--- WHAT IS REQUIRED ---
Take the entries below and print only the lines from the one with "#2552 = DIRECTION" through the one with "#9033 = CARTESIAN_POINT", exactly as they stand, both ends included.

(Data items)
══════════════════════════════
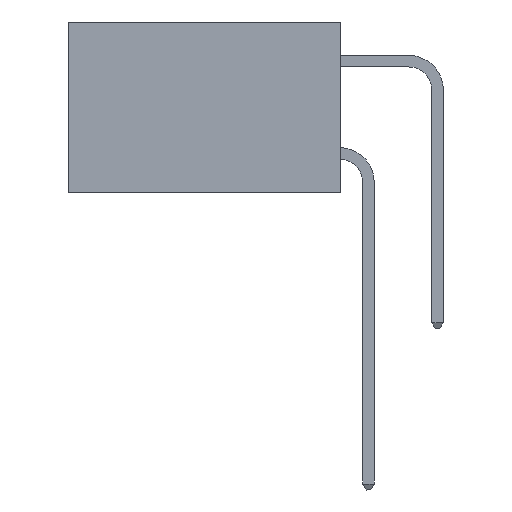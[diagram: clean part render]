
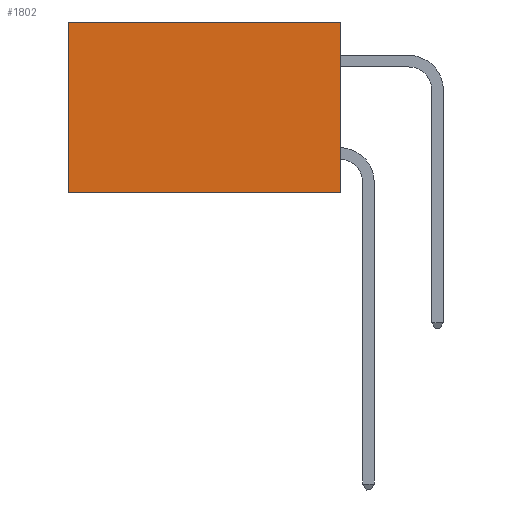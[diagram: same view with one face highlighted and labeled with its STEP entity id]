
A CAD part, left-side view. The second image highlights one B-rep face of the part: STEP entity #1802.
In plain terms, the highlighted planar face has unit normal (-1, 0, 0).
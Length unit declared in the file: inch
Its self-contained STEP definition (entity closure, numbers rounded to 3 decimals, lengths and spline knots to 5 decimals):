
#50 = CARTESIAN_POINT ( 'NONE',  ( 0.277, 0., 0. ) ) ;
#629 = CARTESIAN_POINT ( 'NONE',  ( 0.277, 0.59, -0.37 ) ) ;
#775 = VERTEX_POINT ( 'NONE', #50 ) ;
#857 = DIRECTION ( 'NONE',  ( 0., 1., 0. ) ) ;
#893 = AXIS2_PLACEMENT_3D ( 'NONE', #6236, #8100, #8083 ) ;
#1010 = LINE ( 'NONE', #629, #4911 ) ;
#1036 = ORIENTED_EDGE ( 'NONE', *, *, #9177, .T. ) ;
#1059 = ORIENTED_EDGE ( 'NONE', *, *, #9011, .F. ) ;
#1143 = ORIENTED_EDGE ( 'NONE', *, *, #4108, .F. ) ;
#1186 = EDGE_CURVE ( 'NONE', #775, #7335, #2169, .T. ) ;
#1254 = ORIENTED_EDGE ( 'NONE', *, *, #1186, .T. ) ;
#1492 = DIRECTION ( 'NONE',  ( 0., 0., -1. ) ) ;
#1802 = ADVANCED_FACE ( 'NONE', ( #7613 ), #6019, .F. ) ;
#2166 = CARTESIAN_POINT ( 'NONE',  ( 0.277, 0., -0.37 ) ) ;
#2169 = LINE ( 'NONE', #8480, #8065 ) ;
#2322 = VECTOR ( 'NONE', #5169, 39.37008 ) ;
#2432 = VERTEX_POINT ( 'NONE', #7221 ) ;
#2706 = CARTESIAN_POINT ( 'NONE',  ( 0.277, 0., -0.37 ) ) ;
#3246 = EDGE_LOOP ( 'NONE', ( #1036, #1059, #1143, #1254 ) ) ;
#4108 = EDGE_CURVE ( 'NONE', #775, #8163, #9376, .T. ) ;
#4911 = VECTOR ( 'NONE', #1492, 39.37008 ) ;
#5169 = DIRECTION ( 'NONE',  ( 0., 1., 0. ) ) ;
#5690 = CARTESIAN_POINT ( 'NONE',  ( 0.277, 0., -0.37 ) ) ;
#5816 = DIRECTION ( 'NONE',  ( 0., 0., -1. ) ) ;
#6019 = PLANE ( 'NONE',  #893 ) ;
#6236 = CARTESIAN_POINT ( 'NONE',  ( 0.277, 0., -0.37 ) ) ;
#6303 = LINE ( 'NONE', #2166, #2322 ) ;
#6842 = CARTESIAN_POINT ( 'NONE',  ( 0.277, 0.59, 0. ) ) ;
#7221 = CARTESIAN_POINT ( 'NONE',  ( 0.277, 0.59, -0.37 ) ) ;
#7335 = VERTEX_POINT ( 'NONE', #6842 ) ;
#7613 = FACE_OUTER_BOUND ( 'NONE', #3246, .T. ) ;
#7730 = VECTOR ( 'NONE', #5816, 39.37008 ) ;
#8065 = VECTOR ( 'NONE', #857, 39.37008 ) ;
#8083 = DIRECTION ( 'NONE',  ( 0., 0., -1. ) ) ;
#8100 = DIRECTION ( 'NONE',  ( 1., 0., 0. ) ) ;
#8163 = VERTEX_POINT ( 'NONE', #2706 ) ;
#8480 = CARTESIAN_POINT ( 'NONE',  ( 0.277, 0., 0. ) ) ;
#9011 = EDGE_CURVE ( 'NONE', #8163, #2432, #6303, .T. ) ;
#9177 = EDGE_CURVE ( 'NONE', #7335, #2432, #1010, .T. ) ;
#9376 = LINE ( 'NONE', #5690, #7730 ) ;
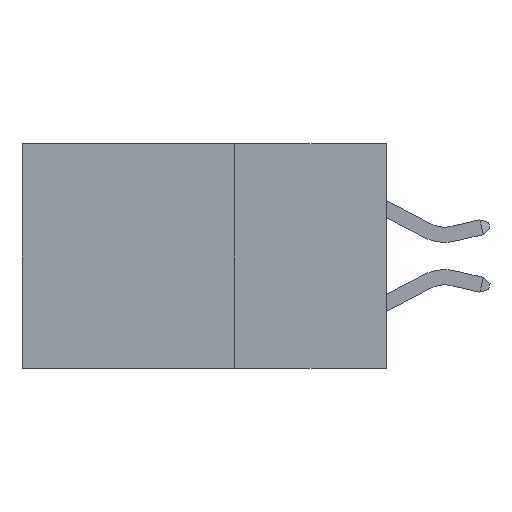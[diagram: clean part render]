
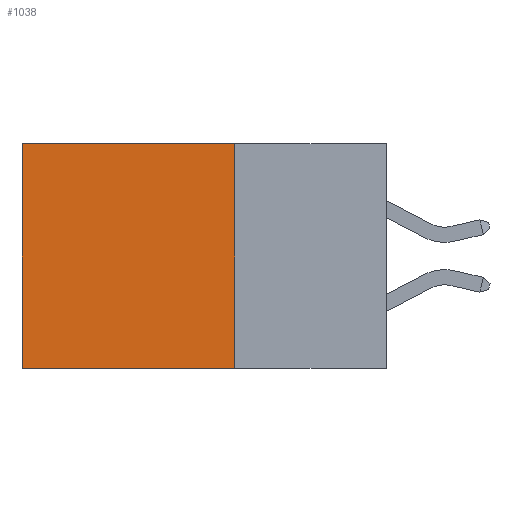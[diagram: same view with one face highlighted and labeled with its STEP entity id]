
A CAD part, left-side view. The second image highlights one B-rep face of the part: STEP entity #1038.
In plain terms, the highlighted planar face has unit normal (-1, 0, 0).
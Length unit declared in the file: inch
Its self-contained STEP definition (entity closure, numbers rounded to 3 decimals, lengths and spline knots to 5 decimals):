
#734 = PLANE ( 'NONE',  #6677 ) ;
#927 = CARTESIAN_POINT ( 'NONE',  ( 0.2615, 0.25, 0. ) ) ;
#1038 = ADVANCED_FACE ( 'NONE', ( #4536 ), #734, .F. ) ;
#1348 = EDGE_CURVE ( 'NONE', #7058, #9570, #3683, .T. ) ;
#1486 = LINE ( 'NONE', #6395, #7185 ) ;
#1572 = VECTOR ( 'NONE', #2221, 39.37008 ) ;
#1695 = ORIENTED_EDGE ( 'NONE', *, *, #5778, .T. ) ;
#1810 = CARTESIAN_POINT ( 'NONE',  ( 0.2615, 0.25, 0. ) ) ;
#1943 = LINE ( 'NONE', #6062, #9605 ) ;
#1987 = ORIENTED_EDGE ( 'NONE', *, *, #9024, .F. ) ;
#2001 = EDGE_CURVE ( 'NONE', #7058, #3710, #1943, .T. ) ;
#2042 = ORIENTED_EDGE ( 'NONE', *, *, #2001, .F. ) ;
#2221 = DIRECTION ( 'NONE',  ( 0., 1., 0. ) ) ;
#2454 = ORIENTED_EDGE ( 'NONE', *, *, #1348, .T. ) ;
#2552 = DIRECTION ( 'NONE',  ( 0., 0., -1. ) ) ;
#3136 = CARTESIAN_POINT ( 'NONE',  ( 0.2615, 0.25, -0.37 ) ) ;
#3683 = LINE ( 'NONE', #1810, #1572 ) ;
#3710 = VERTEX_POINT ( 'NONE', #5555 ) ;
#4536 = FACE_OUTER_BOUND ( 'NONE', #7437, .T. ) ;
#5159 = DIRECTION ( 'NONE',  ( 0., 0., -1. ) ) ;
#5555 = CARTESIAN_POINT ( 'NONE',  ( 0.2615, 0.25, -0.37 ) ) ;
#5593 = VECTOR ( 'NONE', #7001, 39.37008 ) ;
#5778 = EDGE_CURVE ( 'NONE', #9570, #6885, #1486, .T. ) ;
#6062 = CARTESIAN_POINT ( 'NONE',  ( 0.2615, 0.25, -0.37 ) ) ;
#6395 = CARTESIAN_POINT ( 'NONE',  ( 0.2615, 0.6, -0.37 ) ) ;
#6677 = AXIS2_PLACEMENT_3D ( 'NONE', #7344, #6977, #5159 ) ;
#6885 = VERTEX_POINT ( 'NONE', #8184 ) ;
#6977 = DIRECTION ( 'NONE',  ( 1., 0., 0. ) ) ;
#7001 = DIRECTION ( 'NONE',  ( 0., 1., 0. ) ) ;
#7058 = VERTEX_POINT ( 'NONE', #927 ) ;
#7185 = VECTOR ( 'NONE', #2552, 39.37008 ) ;
#7344 = CARTESIAN_POINT ( 'NONE',  ( 0.2615, 0.25, -0.37 ) ) ;
#7437 = EDGE_LOOP ( 'NONE', ( #1695, #1987, #2042, #2454 ) ) ;
#7633 = LINE ( 'NONE', #3136, #5593 ) ;
#8184 = CARTESIAN_POINT ( 'NONE',  ( 0.2615, 0.6, -0.37 ) ) ;
#8291 = DIRECTION ( 'NONE',  ( 0., 0., -1. ) ) ;
#9024 = EDGE_CURVE ( 'NONE', #3710, #6885, #7633, .T. ) ;
#9033 = CARTESIAN_POINT ( 'NONE',  ( 0.2615, 0.6, 0. ) ) ;
#9570 = VERTEX_POINT ( 'NONE', #9033 ) ;
#9605 = VECTOR ( 'NONE', #8291, 39.37008 ) ;
══════════════════════════════
--- OUTPUT BELOW ---
#2552 = DIRECTION ( 'NONE',  ( 0., 0., -1. ) ) ;
#3136 = CARTESIAN_POINT ( 'NONE',  ( 0.2615, 0.25, -0.37 ) ) ;
#3683 = LINE ( 'NONE', #1810, #1572 ) ;
#3710 = VERTEX_POINT ( 'NONE', #5555 ) ;
#4536 = FACE_OUTER_BOUND ( 'NONE', #7437, .T. ) ;
#5159 = DIRECTION ( 'NONE',  ( 0., 0., -1. ) ) ;
#5555 = CARTESIAN_POINT ( 'NONE',  ( 0.2615, 0.25, -0.37 ) ) ;
#5593 = VECTOR ( 'NONE', #7001, 39.37008 ) ;
#5778 = EDGE_CURVE ( 'NONE', #9570, #6885, #1486, .T. ) ;
#6062 = CARTESIAN_POINT ( 'NONE',  ( 0.2615, 0.25, -0.37 ) ) ;
#6395 = CARTESIAN_POINT ( 'NONE',  ( 0.2615, 0.6, -0.37 ) ) ;
#6677 = AXIS2_PLACEMENT_3D ( 'NONE', #7344, #6977, #5159 ) ;
#6885 = VERTEX_POINT ( 'NONE', #8184 ) ;
#6977 = DIRECTION ( 'NONE',  ( 1., 0., 0. ) ) ;
#7001 = DIRECTION ( 'NONE',  ( 0., 1., 0. ) ) ;
#7058 = VERTEX_POINT ( 'NONE', #927 ) ;
#7185 = VECTOR ( 'NONE', #2552, 39.37008 ) ;
#7344 = CARTESIAN_POINT ( 'NONE',  ( 0.2615, 0.25, -0.37 ) ) ;
#7437 = EDGE_LOOP ( 'NONE', ( #1695, #1987, #2042, #2454 ) ) ;
#7633 = LINE ( 'NONE', #3136, #5593 ) ;
#8184 = CARTESIAN_POINT ( 'NONE',  ( 0.2615, 0.6, -0.37 ) ) ;
#8291 = DIRECTION ( 'NONE',  ( 0., 0., -1. ) ) ;
#9024 = EDGE_CURVE ( 'NONE', #3710, #6885, #7633, .T. ) ;
#9033 = CARTESIAN_POINT ( 'NONE',  ( 0.2615, 0.6, 0. ) ) ;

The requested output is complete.